Independence is something that you should almost expect in the breed. Some have it to a greater extent than others, but to properly herd sheep, the dogs need to work with the shepherd, and they need to solve problems independently as well. When you have a dog that tends to be more on the independent side, you need to find ways to use his intelligence to solve problems. And you need to make coming to you, working with you, more rewarding. I don't think there is anything wrong with a shepherd who is ok being across the room or even down he hall, they know where you are, everyone is ok. They can amuse themselves with their toys, or lie on the bed without being underfoot. Oh yeah, being underfoot is also supposedly a sign of dominance.


----------



## lalachka (Aug 13, 2013)

carmspack said:


> relax , no one is recommending a club for her to do schutzhund . She lives in an area where there are not a lot of trainers . The one she has I don't believe is of much help to her. At least members of the schutzhund club may be more savy of other trainers , even basic obedience trainers.
> 
> sheesh - hypocrisy ? no! custom tailored answer ? yes .

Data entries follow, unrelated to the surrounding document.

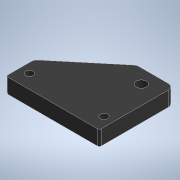
# Autodesk Inventor part: 21_X_Pulley_holder
Saved by Autodesk Inventor 2022.2 (Build 262287010, 287A)
## iProperties
Created: 2022-04-30
Part Number: 21_X_Pulley_holder
Material: PET-Kunststoff
Document SubType Name: Modeling
Designer: MXBD
Density: 1.541 g/cm^3
Appearance: Gummi - Schwarz
Author: MXBD
Autodesk Inventor part; units mm, degrees
ref_plane "YZ Plane" through (0, 0, 0) normal (1, 0, 0) x (0, 1, 0)
ref_plane "XZ Plane" through (0, 0, 0) normal (0, 1, 0) x (-1, 0, 0)
ref_plane "XY Plane" through (0, 0, 0) normal (0, 0, 1) x (1, 0, 0)
sketch "Skizze1" plane through (0, 0, 0) normal (0, 1, 0) x (-1, 0, 0)
  line L0 (0, -48) -> (0, 8) projected
  line L1 (-10, 0) -> (60, 0) projected
  line L2 (12.9651, 0) -> (0, 0)
  line L3 (0, 0) -> (0, -40)
  line L4 (0, -40) -> (20, -40)
  line L5 (20, -40) -> (20, -15)
  line L6 (20, -15) -> (50, -15)
  line L7 (50, -15) -> (50, 0)
  line L8 (50, 0) -> (12.9651, 0)
  dimension "d0" = 40
  dimension "d1" = 15
  dimension "d2" = 50
  dimension "d5" = 20
  constraints: 14 end point, 3 perpendicular, 3 point on line, 2 collinear, 1 horizontal
  measures "d0" distance between parallel lines of L1 L4
  measures "d1" distance between parallel lines of L1 L6
  measures "d2" distance between parallel lines of L0 L7
  measures "d5" distance between parallel lines of L5 L3
extrude "Extrusion1" add sketch "Skizze1" along normal blind 8
sketch "Skizze2" plane through (0, 8, 0) normal (0, 1, 0) x (1, 0, 0)
  line L0 (-50, 15) -> (-50, 0) construction
  line L1 (-50, 7.5) -> (0, 7.5) construction
  line L2 (0, 0) -> (0, 40) construction
  point P0 (-45, 7.5)
  point P1 (-5, 7.5)
  dimension "d8" = 40
  dimension "d9" = 5
  constraints: 3 point on line, 2 end point, 1 horizontal, 1 midpoint
  measures "d8" distance of point (-5, 7.5) point (-45, 7.5)
  measures "d9" distance from line of L2 point (-5, 7.5)
hole "Bohrung1" at (-45, 8, -7.5) at (-5, 8, -7.5) direction (0, -1, 0) diameter 4 end through all
sketch "Skizze3" plane through (0, 8, 0) normal (0, 1, 0) x (1, 0, 0)
  line L0 (0, 40) -> (-20, 40) construction
  line L1 (-10, 40) -> (-10, 0) construction
  line L2 (-50, 0) -> (0, 0) construction
  line L3 (-20, 40) -> (-20, 15) construction
  point P0 (-10, 32.5)
  dimension "d24" = 7.5
  constraints: 2 end point, 1 midpoint, 1 point on line, 1 vertical
  measures "d24" distance from line of L0 point (-10, 32.5)
hole "Bohrung2" at (-10, 8, -32.5) direction (0, -1, 0) diameter 5.5 end through all clearance for "Inbusschraube ISO 4762" size "M5" standard "ISO"
sketch "Skizze4" plane through (0, 8, 0) normal (0, 1, 0) x (1, 0, 0)
  line L0 (0, 40) -> (-20, 40) projected
  line L1 (-50, 15) -> (-50, 0) projected
  line L2 (-20, 40) -> (-50, 15)
  line L3 (-50, 15) -> (-20, 15)
  line L4 (-20, 40) -> (-20, 15) projected
  line L5 (-20, 15) -> (-20, 40)
  point P0 (0, 0)
  constraints: 6 end point, 1 collinear, 1 perpendicular
extrude "Extrusion2" add sketch "Skizze4" against normal up to surface (8 mm away)
fillet "Rundung2" radius 1 2 edges at (0, 4, 0) (-50, 4, 0)
fillet "Rundung3" radius 3 3 edges at (0, 4, -40) (-20, 4, -40) (-50, 4, -15)

always relaxed. that was the reason I was looking for a club too. said 5 times I'm not interested in bite work. need people that know about aggression since the trainers I've seen aren't helping.


----------



## lalachka (Aug 13, 2013)

carmspack said:


> even if the OP wanted to belong to schutzhund , if they will have her and the dog , to do other exercises , at least lalachaka , this dog is predictable , and has no issues lunging at people or acting inappropriately aggressive .
> 
> is this read on the dog correct OP?
> 
> the dog is just a bit of a wild-child


mine plays with a chihuahua for a year already. so? and turned out if wasn't the dog after all, it was all me. 

I'm not derailing another thread. was just wondering on the reasons.


----------



## carmspack (Feb 2, 2011)

one dog basically socially sound , the other one not .
You did not need to do aggression to find out about your dogs unpredictable lunging at people , then hiding behind you when your trainer confronts the dog . Mildly.

For the lack of trainers in her area I directed her to asking around at a schutzhund club to see if they knew of some talent in her area. 

I have resources in the area - but they wouldn't do personally owned dogs , but I can ask them about quality trainers.


----------



## lalachka (Aug 13, 2013)

carmspack said:


> one dog basically socially sound , the other one not .
> You did not need to do aggression to find out about your dogs unpredictable lunging at people , then hiding behind you when your trainer confronts the dog . Mildly.
> 
> For the lack of trainers in her area I directed her to asking around at a schutzhund club to see if they knew of some talent in her area.
> ...


socially sound but bites the owner when told to get off the furniture. 
I needed people that understand aggression to explain why it's happening and what to do about it. 
turned out he's not aggressive or nervy. just has a sucky handler. how much longer would I be on forums asking for help if I listened to you and didn't go there?

trainer thought he was neutral. i thought he was hiding. 

funny, I'm told over and over on this forum that I'm clueless but then everyone jumps to take my word over trainer's when it comes to things that might prove their point.


----------



## GSD Owner in Training :-) (Jul 8, 2013)

Not to be in any way rude lalashka but he does not bite. He has never agressiy bitten anyone. He mouths. Sometimes he mouths a little harder but he never actually grabs on and hold or does one bite and backs off. It is a continual mouthing. From what I have learned there is a difference to mouthing and biting.


----------



## GSD Owner in Training :-) (Jul 8, 2013)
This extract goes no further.